I'll run ours hot, max out the feed trim and see if I can warp it. I'll just have to open the windows. I don't mind putting them through a good testing lol. And when there is a problem I don't hesitate getting into it with our Distributor. At first he tried the blowing smoke game. If you let them they can come up with some real excuses trying to wear you out to where you just get sick of it and give up. Tell your Dealer to fix the issue or you'll dump the stove in his driveway. All he has to do is have them send you a new plate under warranty. It doesn't cost him anything.


----------



## Mt Bob (Dec 8, 2017)

Threerun said:


> That sucks.
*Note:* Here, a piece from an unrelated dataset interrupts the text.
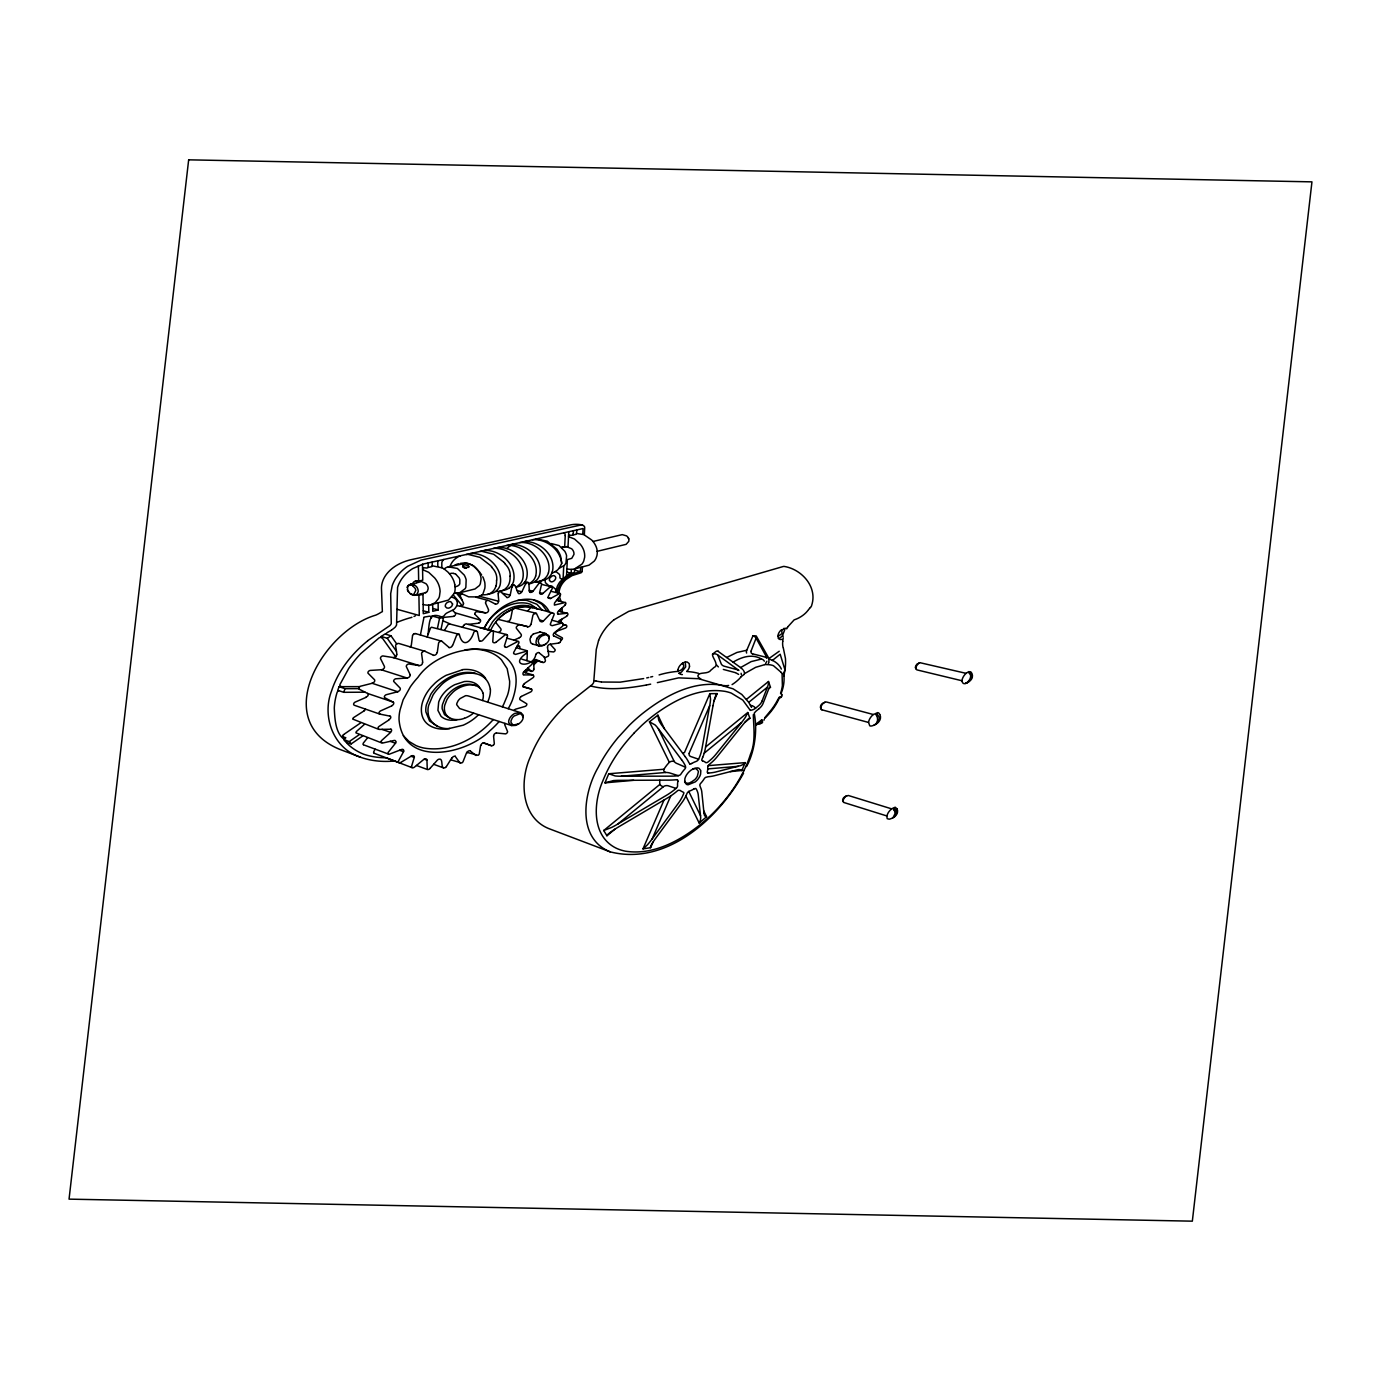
<?xml version="1.0" encoding="UTF-8"?>
<svg xmlns="http://www.w3.org/2000/svg" width="1381" height="1381" viewBox="0 0 1381 1381"><rect width="100%" height="100%" fill="white"/><g stroke="black" fill="none" stroke-linecap="round" stroke-linejoin="round"><path stroke-width="1.5" d="M562.257 612.042L562.084 607.83M552.521 572.942A14.086 9.995 -4.5 0 0 559.857 566.987L561.704 563.483L560.582 556.18A45.866 32.54 -4.5 0 0 556.888 549.189L547.256 541.179L536.225 538.901M538.918 645.963A4.885 3.47 -4.5 0 0 542.94 645.548A8.959 6.353 -4.5 0 0 545.357 644.306L547.256 642.735A12.308 8.735 -4.5 0 0 548.999 639.835L549.275 637.815M527.007 660.688L527.249 654.836A1.968 1.398 -4.5 0 0 526.403 653.472M584.353 534.827L584.681 528.043A5.645 4.005 -4.5 0 0 584.284 526.265L582.471 524.987A21.803 15.467 -4.5 0 0 571.354 524.728L411.745 559.547A39.859 28.276 -4.5 0 0 381.484 588.876L382.364 611.628L380.897 612.404A34.335 24.357 -4.5 0 1 375.822 615.115C323.292 630.513 269.744 720.433 339.588 749.296L361.926 757.72A59.124 41.948 -4.5 0 0 394.448 760.966M563.741 565.917L563.155 577.569A2.71 1.916 -4.5 0 1 562.792 578.466A1.916 1.364 -4.5 0 1 561.049 578.794L560.341 578.363A2.969 2.106 -4.5 0 1 559.909 577.051A9.857 6.991 -4.5 0 0 559.443 574.375L556.18 571.734A4.661 3.297 -4.5 0 0 555.179 571.596M561.722 547.1A4.885 3.47 -4.5 0 1 564.656 547.152L565.243 535.621M412.453 767.784L412.988 767.784A2.624 1.864 -4.5 0 0 414.576 767.042L423.38 759.74A3.159 2.244 -4.5 0 1 425.037 758.911L426.09 758.911A1.899 1.346 -4.5 0 1 426.953 760.189L427.264 769.476L416.492 765.471M545.322 579.675A10.565 7.492 -4.5 0 0 545.512 582.782L548.878 585.717A4.644 3.297 -4.5 0 0 550.294 585.889A5.075 3.608 -4.5 0 1 551.83 586.062L555.369 589.014A10.772 7.647 -4.5 0 1 555.749 591.966L557.268 586.39A38.081 27.016 -4.5 0 1 559.909 581.902L566.538 575.687L567.349 559.616M568.782 531.668L568.04 546.341L564.674 547.135M571.354 569.542L571.147 573.391A19.783 14.034 -4.5 0 0 566.555 575.704M573.253 533.756L573.426 530.632M576.516 533.463L583.818 534.602L591.655 539.971A35.008 24.841 -4.5 0 1 594.59 543.7L595.349 545.029A29.795 21.147 -4.5 0 1 596.92 555.697L596.178 557.855A20.836 14.777 -4.5 0 1 594.244 561.118L588.996 565.174L574.634 568.886L574.444 572.459L573.08 572.804A15.329 10.875 -4.5 0 0 571.268 573.339L569.076 572.804M576.775 529.89L576.602 533.014A2.399 1.692 -4.5 0 1 575.842 534.361L571.458 535.327A12.274 8.718 -4.5 0 0 568.609 535.241M580.227 571.734L580.849 567.332M582.765 534.257L583.093 528.543L422.983 564.104L412.66 568.627A41.81 29.674 -4.5 0 0 403.545 576.498L401.767 578.829A50.268 35.664 -4.5 0 0 397.573 587.443L396.554 625.023A17.142 12.17 -4.5 0 1 394.931 627.423L391.462 630.185M582.489 566.935L582.074 571.51M677.829 670.199L677.864 671.442M782.682 641.336L783.217 638.005M966.079 673.341A19.282 13.689 -4.5 0 0 961.936 680.747C963.248 689.136 974.779 677.415 969.048 672.702M782.337 694.867L781.18 696.697A6.094 4.316 -4.5 0 1 779.557 696.853L777.848 699.511A92.147 65.373 -4.5 0 1 769.234 712.372L764.694 717.809M412.539 635.692L411.365 644.892A4.022 2.848 -4.5 0 1 410.019 646.826M437.259 652.643L438.588 643.063A3.642 2.589 -4.5 0 1 439.779 641.595L440.056 641.44M689.533 666.402L689.188 663.588L687.289 662.069A3.746 2.658 -4.5 0 0 684.406 662.31L682.404 663.26M615.028 829.101L606.932 835.764L607.536 834.676M480.623 745.395L479.276 753.853A3.66 2.589 -4.5 0 1 478.05 755.321L466.813 752.317M561.653 619.275L561.014 622.607M744.359 673.721L755.683 667.316L764.384 664.762M559.875 620.432L559.529 622.227M714.046 700.84L717.171 693.607L709.834 693.676L710.542 699.114A99.708 70.742 -4.5 0 1 709.903 704.534L701.893 749.123A68.377 48.508 -4.5 0 1 699.321 757.582L698.51 759.412A6.387 4.54 -4.5 0 1 697.267 760.827L696.162 761.432A19.196 13.62 -4.5 0 0 691.605 763.555M713.045 705.57L705.259 748.899A67.79 48.111 -4.5 0 1 702.687 757.34M510.659 618.947L512.351 610.35A4.074 2.883 -4.5 0 1 513.318 608.814M511.799 587.149L510.193 595.194L502.908 593.347M420.394 635.001L423.898 617.635M428.041 634.535C429.698 619.568 429.025 611.041 443.474 617.721L441.074 629.184M531.046 624.402L532.807 615.719A4.16 2.952 -4.5 0 1 533.843 614.113L536.139 613.302L515.165 608.123M437.501 628.165L439.59 618.084L443.474 617.721M876.555 715.496L876.9 713.839L878.765 716.428A12.722 9.028 -4.5 0 1 879.214 719.397L876.02 724.179A8.597 6.111 -4.5 0 1 874.587 724.904A5.559 3.936 -4.5 0 1 873.517 725.388A12.429 8.821 -4.5 0 1 871.86 725.923L870.962 726.043A2.037 1.45 -4.5 0 1 869.719 725.767L868.563 722.194A19.61 13.914 -4.5 0 1 873.085 714.702L877.574 712.648A2.037 1.45 -4.5 0 1 878.765 713.01L879.818 714.443M894.042 809.957L894.387 808.455L895.665 810.026A11.048 7.837 -4.5 0 1 896.493 812.943L894.405 816.896A7.026 4.989 -4.5 0 1 892.868 817.776L891.038 818.657A10.996 7.803 -4.5 0 1 889.191 819.192L887.206 818.657L886.826 816.292A18.971 13.447 -4.5 0 1 891.66 808.869M783.787 676.293L784.788 671.304A109.185 77.474 -4.5 0 0 785.444 658.409L783.372 648.224M744.048 770.615L744.29 769.856A15.864 11.255 -4.5 0 1 745.032 768.285A183.431 130.159 -4.5 0 0 750.487 754.233C755.942 741.683 753.56 727.114 753.318 714.685M744.221 674.36L741.045 676.725M741.01 676.863L739.525 678.589A44.952 31.901 -4.5 0 1 732.068 684.613M535.69 576.05C539.522 560.375 523.882 545.409 508.709 545.391A16.727 11.859 -4.5 0 0 506.948 545.46L506.706 545.478M411.573 766.317L414.265 757.427A2.589 1.83 -4.5 0 0 414.058 756.063L413.282 755.666A2.469 1.761 -4.5 0 0 411.141 756.184L401.129 762.226A1.899 1.346 -4.5 0 1 399.04 762.64L374.32 753.336M548.447 572.891C552.417 557.303 536.795 542.44 521.725 542.491A17.124 12.153 -4.5 0 0 519.722 542.578M552.314 571.941C556.319 556.388 540.696 541.542 525.66 541.628A16.641 11.808 -4.5 0 0 523.917 541.68L523.796 541.697M764.297 719.242L763.917 720.261M761.587 720.399L762.001 720.105A4.747 3.366 -4.5 0 1 761.639 723.143M766.852 661.24L765.609 663.484M969.531 673.548L969.894 672.426L971.637 676.604A12.222 8.666 -4.5 0 1 971.154 678.882L966.493 683.112M768.682 662.552A15.329 10.875 -4.5 0 0 767.974 656.7L756.218 635.916L753.008 635.726L746.569 650.71A7.475 5.3 -4.5 0 0 746.413 651.832A7.854 5.576 -4.5 0 0 746.465 652.488L746.603 653.04M744.238 769.994L740.492 777.192A227.071 161.111 -4.5 0 1 721.262 804.346L719.173 806.711A196.275 139.274 -4.5 0 1 700.927 824.06C679.953 840.787 653.196 855.564 625.386 851.179A34.059 24.168 -4.5 0 1 615.753 847.969C591.344 835.505 593.398 802.413 602.858 780.817A218.44 155 -4.5 0 1 634.293 732.914M359.785 686.633L339.087 686.668L337.775 690.293L343.714 692.313L345.026 688.687L358.853 688.653M449.982 566.607L450.689 564.846A22.614 16.054 -4.5 0 1 456.99 557.458M468.642 567.436L468.625 565.83A3.556 2.52 -4.5 0 0 467.296 565.157M462.635 566.452L462.928 565.623L463.705 566.676A5.092 3.608 -4.5 0 0 467.261 567.332L468.919 566.711M598.577 640.542L596.264 649.502L593.709 682.352A12.481 8.856 -4.5 0 1 592.242 684.544L566.797 704.586A207.53 147.249 -4.5 0 0 530.597 756.339C519.135 780.783 521.051 818.743 550.363 829.187L610.091 851.818C665.987 866.215 718.413 818.812 743.565 773.187M427.126 636.969L430.285 628.597A3.332 2.365 -4.5 0 1 431.545 627.233L459.286 634.362C462.618 648.397 470.697 642.441 473.838 632.239A3.073 2.175 -4.5 0 1 475.323 631.048L477.343 631.652L479.052 640.094A1.933 1.364 -4.5 0 0 480.053 641.198M708.229 765.644L745.257 762.623L742.805 764.608A16.883 11.98 -4.5 0 1 740.613 765.609L715.548 772.048A28.017 19.886 -4.5 0 1 709.73 772.928L708.418 773.067M452.692 645.445L456.334 635.916A3.435 2.434 -4.5 0 1 457.698 634.57L459.286 634.362M762.019 701.082L767.732 686.374A33.317 23.632 -4.5 0 0 768.457 683.422L768.475 681.506L746.517 699.304M466.502 752.887L463.067 761.621A3.591 2.538 -4.5 0 1 461.651 763.003L450.655 759.792M454.245 593.398L448.428 600.079L430.855 604.774A11.324 8.027 -4.5 0 1 423.19 604.498M633.655 780.282L604.947 782.854L608.762 773.757L663.95 769.252A55.568 39.428 -4.5 0 1 669.336 762.312L670.648 761.57A5.403 3.832 -4.5 0 1 672.374 761.207L674.221 761.449A7.423 5.265 -4.5 0 0 677.622 763.779L685.667 767.318A6.163 4.367 -4.5 0 1 684.786 769.079A43.899 31.142 -4.5 0 0 681.144 773.774L681.023 773.947A5.61 3.988 -4.5 0 1 679.642 775.259L677.053 775.863A62.732 44.52 -4.5 0 1 671.011 776.157L620.034 776.226A36.148 25.652 -4.5 0 1 615.184 775.949L608.762 773.757M747.742 764.314C755.269 748.899 757.409 728.495 754.199 713.321A16.037 11.376 -4.5 0 1 756.305 710.887L759.032 708.695M604.947 782.854L613.578 780.593M698.613 759.222L690.724 756.529A3.694 2.624 -4.5 0 1 689.361 753.37M607.536 834.676A17.504 12.412 -4.5 0 1 608.883 833.468L610.972 831.863A106.751 75.748 -4.5 0 1 619.482 826.373L667.403 798.028A65.874 46.747 -4.5 0 0 675.965 792.055L677.294 790.95A3.332 2.365 -4.5 0 1 678.416 790.277L679.987 790.346A7.164 5.075 -4.5 0 0 681.161 791.106L683.802 792.521A4.057 2.883 -4.5 0 1 683.595 793.816L682.974 795.249A60.66 43.053 -4.5 0 1 678.554 802.965L651.556 839.734A104.404 74.091 -4.5 0 1 647.257 844.999L642.994 848.866L664.037 800.013M709.834 693.676L684.458 752.61L682.646 753.197M652.212 838.837L670.717 795.939M689.119 753.301L709.696 705.656M642.994 848.866L650.606 847.692L652.989 842.151M702.687 757.34L702.066 758.79A4.143 2.935 -4.5 0 0 701.824 759.999L702.601 760.948M488.097 629.512L492.516 621.951A55.24 39.203 -4.5 0 1 498.852 615.305C507.518 607.761 519.981 602.962 531.357 606.639A17.832 12.653 -4.5 0 1 536.398 608.728M751.091 650.952L756.098 638.177A11.566 8.2 -4.5 0 0 754.751 636.658L753.18 635.726M780.524 671.787L773.464 665.711A12.947 9.184 -4.5 0 0 767.404 664.624L764.591 664.554M730.256 771.634L741.77 770.477L739.215 769.528A11.928 8.476 -4.5 0 0 736.694 769.994L713.873 775.846A27.741 19.697 -4.5 0 1 708.056 776.743L705.622 777.382A5.455 3.884 -4.5 0 0 704.293 778.642A43.605 30.934 -4.5 0 1 700.788 783.251L700.633 783.407A6.128 4.35 -4.5 0 0 699.787 785.116L700.288 786.946A29.381 20.853 -4.5 0 1 701.772 791.71L703.965 812.891M560.134 642.269L561.135 640.18A3.09 2.192 -4.5 0 0 562.378 637.867L555.749 634.242A3.608 2.555 -4.5 0 1 556.923 631.307M741.718 770.615L745.257 762.623M663.95 769.252L663.778 770.443A4.851 3.453 -4.5 0 0 664.313 771.616L665.573 772.48A7.596 5.386 -4.5 0 1 667.437 772.566L667.765 772.583A12.084 8.562 -4.5 0 1 670.372 773.153L678.503 775.742M525.591 583.852L521.897 591.776L517.098 590.567M483.971 628.372L489.047 619.965A68.998 48.956 -4.5 0 1 496.936 611.662C510.331 598.612 539.419 591.707 549.431 612.076M786.704 628.873L787.688 627.112M375.131 749.175L373.837 751.557A2.555 1.813 -4.5 0 0 373.733 752.869L374.147 753.249M530.684 637.193L531.392 636.002M536.812 638.885L537.537 637.694M402.959 749.52L403.718 750.228A3.159 2.244 -4.5 0 1 403.528 751.713L398.608 760.776A2.676 1.899 -4.5 0 0 398.453 762.001L398.885 762.485M526.834 652.902C506.965 666.66 533.981 668.611 535.828 654.283M787.912 626.732L794.161 619.862A26.774 18.989 -4.5 0 0 799.064 617.773A29.899 21.216 -4.5 0 0 808.437 609.763M446.408 766.559L451.794 757.962M444.578 630.185L447.858 624.937A3.038 2.158 -4.5 0 1 449.188 623.832L476.549 630.979M747.414 764.901L746.172 766.593L746.914 765.626M717.757 654.974L721.279 664.019A5.921 4.195 -4.5 0 0 724.542 666.298L735.814 669.319A14.673 10.409 -4.5 0 1 737.575 669.889A18.333 12.999 -4.5 0 1 738.904 670.458L717.136 654.559A5.869 4.16 -4.5 0 0 715.237 653.869C706.899 652.764 721.365 664.71 713.804 667.593A23.425 16.624 -4.5 0 1 711.111 669.94C708.004 674.808 699.252 671.39 697.923 675.62A7.734 5.489 -4.5 0 0 698.216 676.966L701.013 679.314M388.234 753.905L387.992 753.405A3.159 2.244 -4.5 0 1 388.493 751.989L395.76 742.874A3.711 2.641 -4.5 0 0 396.054 741.632L395.19 740.544A1.83 1.295 -4.5 0 0 393.827 740.527L382.675 743.03L381.001 741.873A3.487 2.486 -4.5 0 1 381.846 740.32L390.616 732.413L382.054 729.358M530.373 592.38L531.599 592.294A3.055 2.158 -4.5 0 0 533.031 591.223L538.521 583.956A2.469 1.744 -4.5 0 1 539.85 583.024L541.3 583.352A2.365 1.692 -4.5 0 1 541.525 584.526L539.695 592.414A2.9 2.054 -4.5 0 0 539.885 593.675L540.403 594.123A4.195 2.986 -4.5 0 0 541.041 594.279L541.179 594.262A2.365 1.674 -4.5 0 0 542.837 593.485L549.69 587.374M470.438 553.539L470.558 553.539A16.624 11.79 -4.5 0 1 472.44 553.47C487.925 553.695 503.564 568.886 500.146 584.854A20.853 14.794 -4.5 0 1 498.248 588.876L496.021 591.189A10.081 7.147 -4.5 0 1 491.584 593.381L487.458 594.4A10.116 7.181 -4.5 0 1 482.66 594.71L484.748 588.565A31.331 22.234 -4.5 0 0 485.024 585.855L484.904 583.352A35.509 25.203 -4.5 0 0 484.627 581.781L483.402 578.121A36.7 26.032 -4.5 0 0 483.177 577.603L482.729 576.74M560.151 595.781L554.523 603.014L554.385 605.102L565.122 602.53L556.56 600.39M481.969 594.762L481.693 595.107A12.205 8.649 -4.5 0 1 477.498 596.92L468.642 596.851L459.942 592.846M367.605 737.782L363.566 742.788A2.986 2.106 -4.5 0 0 363.134 744.307L363.358 744.687M705.605 746.983L747.742 712.51L745.654 716.877A88.781 62.991 -4.5 0 1 742.115 721.797L715.772 754.492A53.393 37.874 -4.5 0 1 709.42 760.827L708.125 761.915A3.142 2.227 -4.5 0 1 706.796 762.64L705.898 762.657M395.484 743.254L390.184 741.338M429.974 768.492L437.328 760.154A3.608 2.555 -4.5 0 1 438.761 759.239C444.13 757.582 439.779 769.113 444.837 767.836A3.349 2.382 -4.5 0 0 446.391 766.559M462.359 627.009L464.344 624.799M518.117 625.006L516.408 626.957A3.055 2.158 -4.5 0 0 516.546 628.51L521.138 634.345A3.556 2.52 -4.5 0 1 519.446 637.556M493.259 719.57C476.186 738.714 449.878 752.507 423.743 748.019A33.558 23.822 -4.5 0 1 415.905 745.533L409.018 741.459L403.321 735.71M524.02 583.093L522.45 584.543A10.392 7.371 -4.5 0 1 517.944 586.718L515.803 587.253M686.858 671.39L686.72 671.529A42.673 30.278 -4.5 0 1 698.631 673.376M536.398 613.337L540.213 621.398L541.87 621.899A2.797 1.985 -4.5 0 0 543.406 621.001L550.484 613.699A2.745 1.951 -4.5 0 1 552.141 612.75A16.917 11.997 -4.5 0 1 553.936 613.457A3.245 2.296 -4.5 0 1 553.936 614.994L550.518 623.608A3.176 2.261 -4.5 0 0 550.449 624.92L552.107 625.697L562.291 622.952L551.882 620.224M527.542 611.041L530.097 608.417A2.797 1.985 -4.5 0 1 531.443 607.588L532.876 607.64A17.383 12.325 -4.5 0 0 531.115 607.088L521.345 606.656A24.202 17.176 -4.5 0 0 515.027 608.175M634.207 732.879L641.785 725.388A179.858 127.622 -4.5 0 1 652.54 716.256C672.996 700.65 698.665 687.065 725.198 691.398A33.317 23.65 -4.5 0 1 731.257 693.089L742.805 700.098L750.315 710.404M810.388 607.536L810.354 607.554A15.795 11.203 -4.5 0 0 808.714 609.47M669.336 762.312L649.45 721.797L655.077 724.939A43.312 30.727 -4.5 0 1 657.753 727.942L681.558 759.654M523.882 672.271L526.472 669.854M533.601 663.122L536.26 660.619M525.332 672.702L527.922 670.268M533.739 664.796L537.727 661.033M523.865 671.718L531.668 664.52A3.556 2.52 -4.5 0 0 532.358 663.053L532.358 662.949M364.549 724.265L356.764 731.188A3.297 2.348 -4.5 0 0 355.953 732.862L381.691 742.926M500.474 616.893L501.355 616.116M565.122 605.154L558.39 611.075L567.228 613.319M685.874 795.974L699.183 823.059L706.554 816.758L703.758 810.906M664.434 728.805L657.908 715.168L658.737 720.192A57.536 40.826 -4.5 0 0 662.19 725.733L685.235 756.667M565.243 578.346L571.803 574.151L579.951 571.872M761.846 719.691L761.518 719.967A57.967 41.137 -4.5 0 1 756.46 723.73L755.735 724.196M892.955 817.811L894.957 813.823A13.983 9.926 -4.5 0 0 894.543 810.975L893.438 808.973A5.8 4.108 -4.5 0 1 894.387 808.455M762.726 722.021L761.449 723.074A5.386 3.815 -4.5 0 1 759.809 724.024A2.589 1.847 -4.5 0 1 757.703 724.127M509.365 587.84L511.246 585.958A20.335 14.431 -4.5 0 0 513.508 581.539C517.15 565.692 501.458 550.553 486.112 550.432A16.917 11.997 -4.5 0 0 484.11 550.501M677.916 781.301A25.531 18.126 -4.5 0 0 677.588 785.668L677.501 786.393A6.888 4.885 -4.5 0 1 676.552 787.964L674.705 789.552A65.649 46.591 -4.5 0 1 666.108 795.525L616.772 824.647A90.663 64.32 -4.5 0 1 611.731 827.392L603.704 830.533L659.876 784.391A29.95 21.25 -4.5 0 1 659.859 780.196M706.554 816.758L704.707 815.878A19.351 13.741 -4.5 0 1 703.999 812.891M744.825 722.401L749.918 718.224L747.742 712.51M618.015 823.905L663.26 786.773A4.281 3.038 -4.5 0 1 668.145 785.772L676.051 788.43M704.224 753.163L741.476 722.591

We're out here trying to figure out what's wrong and they won't help...


Don't know where you are,out here,and do not know your heating situation,but,for info,my BIL runs an old St Croix,burns out 2 fire pots a year.Well,is an poorly insulated cabin,and it runs 2/3 to high most of the time.Most pellet stoves recommend  not doing this.Some(harmans) are self regulating,you cannot hurt them.Got my BIL an arc welder,he relines the pots,has spares,has been doing this for ten years.Most older(and newer cheaper) stoves are not made to run wide open for long periods,it burns out firepots,warps metal.Same thing happens with wood stoves.Basicly,the stove is too small for the job.


----------



## stovelark (Dec 9, 2017)

OK  I been monitoring and reading here-  Enviro did have trouble with the M55 FS baffle warping on a number of units, I've replaced a few myself under warranty and I didn't have any trouble getting replacements from Enviro or the distributor.  They did make a re-inforced baffle that was meant to fix the problem.  Looking on their website parts list, I believe 50-2041 was the old one, and 50-2148 is the new re-inforced baffle.  Running the M55 on 2 or 3 continuously is certainly not running it hard, I think that is the preferred settings to use it on....  I also agree that the original baffle was made rather flimsy.   This has certainly been a nice, quiet model so far, Enviro as a company is doing well, espec their pellet line.  The wood side of the house are fantastic too, but not as popular here in NE as their pellet stoves are.  Good luck with your venture.


----------



## Threerun (Dec 11, 2017)

stovelark said:


> OK  I been monitoring and reading here-  Enviro did have trouble with the M55 FS baffle warping on a number of units, I've replaced a few myself under warranty and I didn't have any trouble getting replacements from Enviro or the distributor.  They did make a re-inforced baffle that was meant to fix the problem.  Looking on their website parts list, I believe 50-2041 was the old one, and 50-2148 is the new re-inforced baffle.  Running the M55 on 2 or 3 continuously is certainly not running it hard, I think that is the preferred settings to use it on....  I also agree that the original baffle was made rather flimsy.   This has certainly been a nice, quiet model so far, Enviro as a company is doing well, espec their pellet line.  The wood side of the house are fantastic too, but not as popular here in NE as their pellet stoves are.  Good luck with your venture.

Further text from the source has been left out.